Text: 1 Cor. 7:29-31

But this I say, brethren, the time is short, so that from now on even those who have wives should be as though they had none, those who weep as though they did not weep, those who rejoice as though they did not rejoice, those who buy as though they did not possess, and those who use this world as not misusing it. For the form of this world is passing away.


For those who keep up with politics, the past few weeks have been depressing and even a little scary. I’ve had at least three people joke that they now feel called to be missionaries in a foreign country—far, far away. More soberly, I have had many more people ask me “What are we going to do?” Imagine what it would be like if an irrational ego-maniac who disregards basic morality were to get control over the world’s largest military power.

What if I told you that that was exactly the way things were in the 1st century when the Christian church was just beginning? Nero Caesar took control over the Roman Empire in AD 54, just a year or two after 1st Corinthians was written. Nero is considered to be one of the most evil political leaders of history. Only a few years into his reign he had his mother executed. After the city of Rome caught on fire, Nero blamed the Christians for starting it and began a massive persecution of the church. Early church historians say that Nero would tie Christians to stakes and set them on fire.

And yet, amazingly, the leaders of the early Christian church did not call for a popular uprising or revolution. The New Testament commands us to submit to civil magistrates, and the Apostle Paul teaches us to continue to live and act in the world, even though we know that it is hostile towards us. Here in 1 Cor. 7:29-31 he gives classic advice on how Christians can continue to live and do business in the world while also remaining detached from it on a spiritual level. You have probably heard this described as being “in” the world but not “of” the world. Paul says that we should marry as if we were not married, we should weep as if we did not weep, we should rejoice as if we didn’t rejoice, we should buy as if we did not possess, and we should use the things of the world as if we did not use them. In short, we should live as if we are not.

To understand Paul’s teaching here, we need to understand that Paul believes that this world has been definitely changed by Christ already and that the future is already decided. It’s only a matter of time. So we will begin by looking at what Paul means when he says “The time is short.” Then we will explain the expression “the present shape of this world is passing away.” Finally we will conclude with Paul’s instruction to live as if we are not.

The Time is Short

For the past month or so we have been in 1 Cor. 7, and we have been discussing Paul’s reasons for counseling people to either remain single or get married. We have talked about why he counsels some people to do one thing and other people to do the other, but this section gives us his overall philosophy of living in the world. He believes that marriage and singleness are both relativized because of what Christ’s work means for human history. Here in these verses he goes on to counsel a sort of careful detachment from everything in the world because, as he says in vs. 29, “the time is short.”
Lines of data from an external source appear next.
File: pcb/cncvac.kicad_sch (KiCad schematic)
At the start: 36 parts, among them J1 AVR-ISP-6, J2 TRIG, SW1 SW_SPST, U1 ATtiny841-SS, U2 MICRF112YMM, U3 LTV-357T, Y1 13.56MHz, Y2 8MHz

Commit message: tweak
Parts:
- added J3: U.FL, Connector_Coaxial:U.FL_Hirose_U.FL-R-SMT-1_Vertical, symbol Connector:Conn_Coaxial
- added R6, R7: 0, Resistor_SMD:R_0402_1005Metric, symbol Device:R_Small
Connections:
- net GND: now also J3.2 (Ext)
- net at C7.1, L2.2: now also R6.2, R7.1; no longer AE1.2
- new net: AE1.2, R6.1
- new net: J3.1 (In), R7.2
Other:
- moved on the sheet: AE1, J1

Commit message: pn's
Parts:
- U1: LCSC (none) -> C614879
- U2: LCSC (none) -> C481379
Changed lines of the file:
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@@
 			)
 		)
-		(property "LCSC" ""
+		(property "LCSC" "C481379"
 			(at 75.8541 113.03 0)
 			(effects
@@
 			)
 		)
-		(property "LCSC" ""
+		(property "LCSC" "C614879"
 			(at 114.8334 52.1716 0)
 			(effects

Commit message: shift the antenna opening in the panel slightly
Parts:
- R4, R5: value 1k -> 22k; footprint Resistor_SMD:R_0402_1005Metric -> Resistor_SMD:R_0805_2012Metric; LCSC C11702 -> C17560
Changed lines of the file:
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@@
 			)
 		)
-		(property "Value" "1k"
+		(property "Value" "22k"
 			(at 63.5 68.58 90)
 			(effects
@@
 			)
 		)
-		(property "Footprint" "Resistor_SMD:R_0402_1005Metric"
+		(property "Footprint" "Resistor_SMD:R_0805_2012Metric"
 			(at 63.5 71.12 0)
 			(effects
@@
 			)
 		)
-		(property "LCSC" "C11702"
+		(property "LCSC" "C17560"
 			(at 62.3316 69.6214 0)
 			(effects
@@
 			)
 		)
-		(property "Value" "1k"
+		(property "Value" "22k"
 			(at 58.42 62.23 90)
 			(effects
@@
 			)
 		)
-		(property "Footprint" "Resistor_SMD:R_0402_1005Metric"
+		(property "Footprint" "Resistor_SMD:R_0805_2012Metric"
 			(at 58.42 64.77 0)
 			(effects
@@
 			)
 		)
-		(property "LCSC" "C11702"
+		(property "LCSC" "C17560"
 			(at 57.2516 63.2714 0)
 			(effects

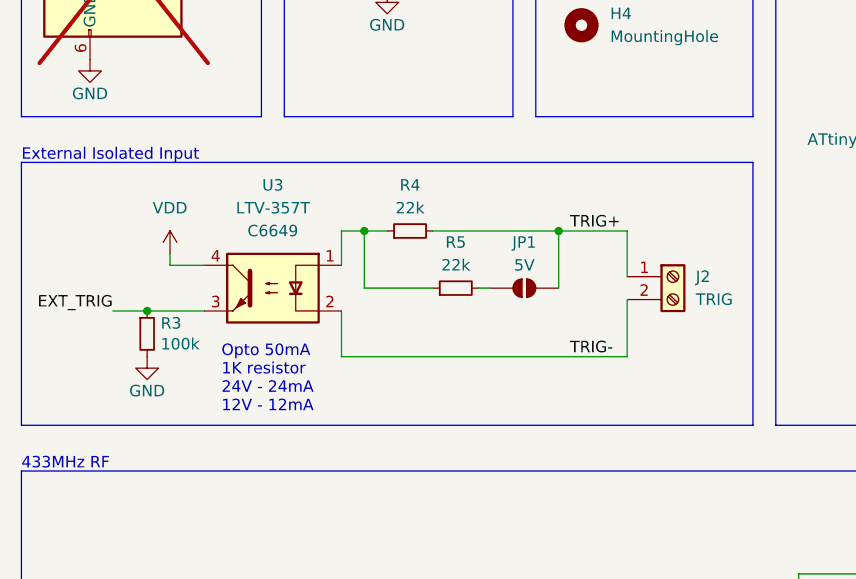
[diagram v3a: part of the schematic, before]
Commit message: Add protection diode to opto, increase pulldown strength
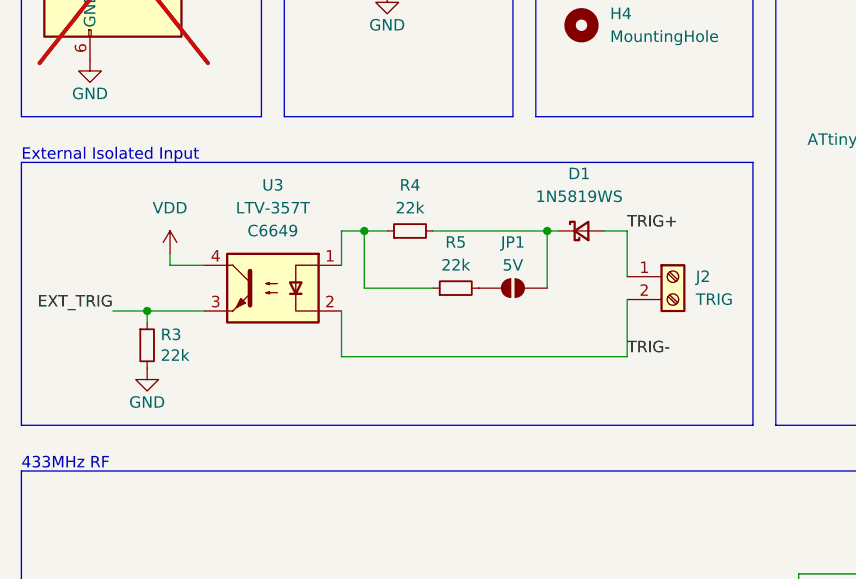
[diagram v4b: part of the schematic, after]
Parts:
- added D1: 1N5819WS, Diode_SMD:D_SOD-323, symbol Device:D_Schottky_Small
- R3: value 100k -> 22k; footprint Resistor_SMD:R_0402_1005Metric -> Resistor_SMD:R_0805_2012Metric; LCSC C25741 -> C17560
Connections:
- net TRIG+: now also D1.2 (A); no longer JP1.2 (B), R4.2
- new net: D1.1 (K), JP1.2 (B), R4.2
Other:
- note removed: "Opto 50mA 1K resistor 24V - 24mA 12V - 12mA"
- moved on the sheet: JP1, R3
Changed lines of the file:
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@@
 	)
 	(junction
-		(at 74.93 64.77)
-		(diameter 0)
-		(color 0 0 0 0)
-	)
-	(junction
 		(at 109.22 102.87)
 		(diameter 0)
@@
 	)
 	(junction
+		(at 73.66 64.77)
+		(diameter 0)
+		(color 0 0 0 0)
+	)
+	(junction
 		(at 101.6 128.27)
 		(diameter 0)
@@
 	(wire
 		(pts
+			(xy 80.01 64.77) (xy 82.55 64.77)
+		)
+		(stroke
+			(width 0)
+			(type default)
+		)
+	)
+	(wire
+		(pts
 			(xy 50.8 78.74) (xy 50.8 73.66)
 		)
@@
 	(wire
 		(pts
-			(xy 66.04 71.12) (xy 67.31 71.12)
-		)
-		(stroke
-			(width 0)
-			(type default)
-		)
-	)
-	(wire
-		(pts
 			(xy 120.65 128.27) (xy 114.3 128.27)
 		)
@@
 	(wire
 		(pts
-			(xy 74.93 64.77) (xy 74.93 71.12)
+			(xy 73.66 64.77) (xy 73.66 71.12)
 		)
 		(stroke
@@
 	(wire
 		(pts
+			(xy 73.66 64.77) (xy 74.93 64.77)
+		)
+		(stroke
+			(width 0)
+			(type default)
+		)
+	)
+	(wire
+		(pts
 			(xy 147.32 80.01) (xy 154.94 80.01)
 		)
@@
 	(wire
 		(pts
+			(xy 29.21 74.93) (xy 29.21 73.66)
+		)
+		(stroke
+			(width 0)
+			(type default)
+		)
+	)
+	(wire
+		(pts
 			(xy 146.05 50.8) (xy 143.51 50.8)
 		)
@@
 	(wire
 		(pts
-			(xy 60.96 64.77) (xy 74.93 64.77)
+			(xy 60.96 64.77) (xy 73.66 64.77)
 		)
 		(stroke
@@
 		)
 	)
-	(wire
-		(pts
-			(xy 74.93 64.77) (xy 82.55 64.77)
-		)
-		(stroke
-			(width 0)
-			(type default)
-		)
-	)
 	(rectangle
 		(start 72.39 15.24)
@@
 		)
 	)
-	(text "Opto 50mA\n1K resistor\n24V - 24mA\n12V - 12mA"
-		(exclude_from_sim no)
-		(at 37.465 85.09 0)
-		(effects
-			(font
-				(size 1.27 1.27)
-			)
-			(justify left bottom)
-		)
-	)
 	(text "Programming"
 		(exclude_from_sim no)
@@
 	(label "MOSI"
 		(at 146.05 53.34 0)
-		(fields_autoplaced yes)
 		(effects
 			(font
@@
 	)
 	(label "TRIG+"
-		(at 76.2 64.77 0)
-		(fields_autoplaced yes)
+		(at 82.55 64.77 0)
 		(effects
 			(font
@@
 	(label "EXT_TRIG"
 		(at 25.4 73.66 180)
-		(fields_autoplaced yes)
 		(effects
 			(font
@@
 	(label "SCK"
 		(at 146.05 48.26 0)
-		(fields_autoplaced yes)
 		(effects
 			(font
@@
 	(label "EN"
 		(at 93.98 120.65 180)
-		(fields_autoplaced yes)
 		(effects
 			(font
@@
 	(label "RST"
 		(at 143.51 68.58 0)
-		(fields_autoplaced yes)
 		(effects
 			(font
@@
 	(label "RST"
 		(at 35.56 38.1 0)
-		(fields_autoplaced yes)
 		(effects
 			(font
@@
 	(label "EXT_TRIG"
 		(at 146.05 45.72 0)
-		(fields_autoplaced yes)
 		(effects
 			(font
@@
 	(label "EN"
 		(at 146.05 38.1 0)
-		(fields_autoplaced yes)
 		(effects
 			(font
@@
 	(label "ASK"
 		(at 58.42 123.19 0)
-		(fields_autoplaced yes)
 		(effects
 			(font
@@
 	(label "FSK"
 		(at 146.05 40.64 0)
-		(fields_autoplaced yes)
 		(effects
 			(font
@@
 	(label "MISO"
 		(at 35.56 30.48 0)
-		(fields_autoplaced yes)
 		(effects
 			(font
@@
 	(label "ASK"
 		(at 146.05 43.18 0)
-		(fields_autoplaced yes)
 		(effects
 			(font
@@
 	(label "SCK"
 		(at 35.56 35.56 0)
-		(fields_autoplaced yes)
 		(effects
 			(font
@@
 	)
 	(label "TRIG-"
-		(at 76.2 78.74 0)
-		(fields_autoplaced yes)
+		(at 82.55 78.74 0)
 		(effects
 			(font
@@
 	(label "MISO"
 		(at 146.05 50.8 0)
-		(fields_autoplaced yes)
 		(effects
 			(font
@@
 	(label "FSK"
 		(at 58.42 120.65 0)
-		(fields_autoplaced yes)
 		(effects
 			(font
@@
 	(label "MOSI"
 		(at 35.56 33.02 0)
-		(fields_autoplaced yes)
 		(effects
 			(font
@@
 	(symbol
 		(lib_id "power:GND")
-		(at 29.21 78.74 0)
+		(at 29.21 80.01 0)
 		(unit 1)
 		(exclude_from_sim no)
@@
 		(dnp no)
 		(property "Reference" "#PWR021"
-			(at 29.21 85.09 0)
+			(at 29.21 86.36 0)
 			(effects
 				(font
@@
 		)
 		(property "Value" "GND"
-			(at 29.21 82.55 0)
+			(at 29.21 83.82 0)
 			(effects
 				(font
@@
 		)
 		(property "Footprint" ""
-			(at 29.21 78.74 0)
+			(at 29.21 80.01 0)
 			(effects
 				(font
@@
 		)
 		(property "Datasheet" ""
-			(at 29.21 78.74 0)
+			(at 29.21 80.01 0)
 			(effects
 				(font
@@
 		)
 		(property "Description" "Power symbol creates a global label with name \"GND\" , ground"
-			(at 29.21 78.74 0)
+			(at 29.21 80.01 0)
 			(effects
 				(font
@@
 	(symbol
 		(lib_id "Jumper:SolderJumper_2_Open")
-		(at 71.12 71.12 0)
+		(at 69.85 71.12 0)
 		(unit 1)
 		(exclude_from_sim yes)
@@
 		(dnp no)
 		(property "Reference" "JP1"
-			(at 71.12 66.04 0)
+			(at 69.85 66.04 0)
 			(effects
 				(font
@@
 		)
 		(property "Value" "5V"
-			(at 71.12 68.58 0)
+			(at 69.85 68.58 0)
 			(effects
 				(font
@@
 		)
 		(property "Footprint" "Jumper:SolderJumper-2_P1.3mm_Open_RoundedPad1.0x1.5mm"
-			(at 71.12 71.12 0)
+			(at 69.85 71.12 0)
 			(effects
 				(font
@@
 		)
 		(property "Datasheet" "~"
-			(at 71.12 71.12 0)
+			(at 69.85 71.12 0)
 			(effects
 				(font
@@
 		)
 		(property "Description" "Solder Jumper, 2-pole, open"
-			(at 71.12 71.12 0)
+			(at 69.85 71.12 0)
 			(effects
 				(font
@@
 	(symbol
 		(lib_id "Device:R_Small")
-		(at 29.21 76.2 0)
+		(at 29.21 77.47 0)
 		(unit 1)
 		(exclude_from_sim no)
@@
 		(dnp no)
 		(property "Reference" "R3"
-			(at 30.7086 75.0316 0)
+			(at 30.7086 76.3016 0)
 			(effects
 				(font
@@
 			)
 		)
-		(property "Value" "100k"
-			(at 30.7086 77.343 0)
+		(property "Value" "22k"
+			(at 30.7086 78.613 0)
 			(effects
 				(font
@@
 			)
 		)
-		(property "Footprint" "Resistor_SMD:R_0402_1005Metric"
-			(at 29.21 76.2 0)
+		(property "Footprint" "Resistor_SMD:R_0805_2012Metric"
+			(at 29.21 77.47 0)
 			(effects
 				(font
@@
 		)
 		(property "Datasheet" "~"
-			(at 29.21 76.2 0)
+			(at 29.21 77.47 0)
 			(effects
 				(font
@@
 		)
 		(property "Description" "Resistor, small symbol"
-			(at 29.21 76.2 0)
+			(at 29.21 77.47 0)
 			(effects
 				(font
@@
 			)
 		)
-		(property "LCSC" "C25741"
-			(at 30.7086 75.0316 0)
+		(property "LCSC" "C17560"
+			(at 30.7086 76.3016 0)
 			(effects
 				(font
@@
 			)
 		)
+		(property "Notes" ""
+			(at 29.21 77.47 0)
+			(effects
+				(font
+					(size 1.27 1.27)
+				)
+			)
+		)
 		(pin "1"
 		)
@@
 					(unit 1)
 				)
+			)
+		)
+	)
+	(symbol
+		(lib_id "Device:D_Schottky_Small")
+		(at 77.47 64.77 0)
+		(unit 1)
+		(exclude_from_sim no)
+		(in_bom yes)
+		(on_board yes)
+		(dnp no)
+		(fields_autoplaced yes)
+		(property "Reference" "D1"
+			(at 77.216 58.42 0)
+			(effects
+				(font
+					(size 1.27 1.27)
+				)
+			)
+		)
+		(property "Value" "1N5819WS"
+			(at 77.216 60.96 0)
+			(effects
+				(font
+					(size 1.27 1.27)
+				)
+			)
+		)
+		(property "Footprint" "Diode_SMD:D_SOD-323"
+			(at 77.47 64.77 90)
+			(effects
+				(font
+					(size 1.27 1.27)
+				)
+				(hide yes)
+			)
+		)
+		(property "Datasheet" "~"
+			(at 77.47 64.77 90)
+			(effects
+				(font
+					(size 1.27 1.27)
+				)
+				(hide yes)
+			)
+		)
+		(property "Description" "Schottky diode, small symbol"
+			(at 77.47 64.77 0)
+			(effects
+				(font
+					(size 1.27 1.27)
+				)
+				(hide yes)
+			)
+		)
+		(property "LCSC" "C191023"
+			(at 77.47 64.77 0)
+			(effects
+				(font
+					(size 1.27 1.27)
+				)
+				(hide yes)
+			)
+		)
+		(property "Notes" ""
+			(at 77.47 64.77 0)
+			(effects
+				(font
+					(size 1.27 1.27)
+				)
+				(hide yes)
+			)
+		)
+		(pin "1"
+		)
+		(pin "2"
+		)
+		(instances
+			(project ""
+				(path "/01863d9d-9fc2-4c77-932b-012f900a4f45"
+					(reference "D1")
+					(unit 1)
+				)

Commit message: fixup
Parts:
- added JP2: SolderJumper_3_Bridged12, Jumper:SolderJumper-3_P1.3mm_Bridged12_RoundedPad1.0x1.5mm_NumberLabels, symbol Jumper:SolderJumper_3_Bridged12
- added R10, R11, R12, R8, R9: 100k, Resistor_SMD:R_0402_1005Metric, symbol Device:R_Small
- added SW2: SW_DIP_x05, Button_Switch_THT:SW_DIP_SPSTx05_Slide_9.78x14.88mm_W7.62mm_P2.54mm, symbol Switch:SW_DIP_x05
- R7: now left out of the parts list
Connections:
- net ASK: now also JP2.1 (A); no longer U1.11 (PA2)
- net EXT_TRIG: now also U1.11 (PA2); no longer U1.10 (PA3)
- net FSK: now also JP2.3 (B); no longer U1.12 (PA1)
- net GND: now also R10.2, R11.2, R12.2, R8.2, R9.2
- net DIP4: now reaches U1.5 (PB2)
- net DIP4: now also SW2.7
- net MISO renamed DIP2
- net DIP2: now also SW2.9
- net MOSI renamed DIP5
- net DIP5: now also SW2.6
- net SCK renamed DIP3
- net DIP3: now also SW2.8
- new net: R8.1, SW2.1
- new net: R10.1, SW2.2
- new net: R12.1, SW2.3
- new net: R9.1, SW2.4
- new net: R11.1, SW2.5
- new net DATA: JP2.2 (C), U1.12 (PA1)
- new net DIP1: SW2.10, U1.10 (PA3)
- no-connect marks 2 -> 1
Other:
- note added: "10pF gives 33.5kHz spread Only req'd for FSK, but ASK still works"
- note added: "DIP Switches"
- note removed: "10pF gives 33.5kHz spread"
- title: TPMS Silencer -> CNC Vac
- moved on the sheet: J2, SW1

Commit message: update part number for opto
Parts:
- U3: value LTV-357T -> EL357N; LCSC C6649 -> C42381015
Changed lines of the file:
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@@
 			)
 		)
-		(property "Value" "LTV-357T"
+		(property "Value" "EL357N"
 			(at 43.18 62.23 0)
 			(effects
@@
 			)
 		)
-		(property "LCSC" "C6649"
+		(property "LCSC" "C42381015"
 			(at 43.18 64.77 0)
 			(effects

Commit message: fix pn for opto
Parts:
- AE1: now not fitted; now left out of the parts list
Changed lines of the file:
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@@
 		(unit 1)
 		(exclude_from_sim no)
-		(in_bom yes)
+		(in_bom no)
 		(on_board yes)
-		(dnp no)
+		(dnp yes)
 		(property "Reference" "AE1"
 			(at 155.575 112.395 0)
@@
 					(size 1.27 1.27)
 				)
+				(hide yes)
 			)
 		)
@@
 					(size 1.27 1.27)
 				)
+				(hide yes)
 			)
 		)

What does “the time is short” mean? There are a few different points of view. The most common reads this as a prediction of the end or the world. It’s like Paul is saying, “The end is nigh!” This is probably the prima facia reading for most people, but there are some big problems with it. For one, Paul writes about the end times in 2 Thessalonians 3:6-15, and he says that people shouldn’t quit their jobs or stop getting married because they are waiting on Jesus to come back. It would make no sense for him to then encourage some people to remain single because the end is near. There’s also another problem which is very simple. The end of the world did not occur in the Corinthians’ lifetime. We are living almost 2,000 years later, and we are reading Paul’s advice to them, trying to understand it. If we believe that Paul was guarded from error, then he was not teaching that Jesus was going to come back anytime “soon” for the Corinthians.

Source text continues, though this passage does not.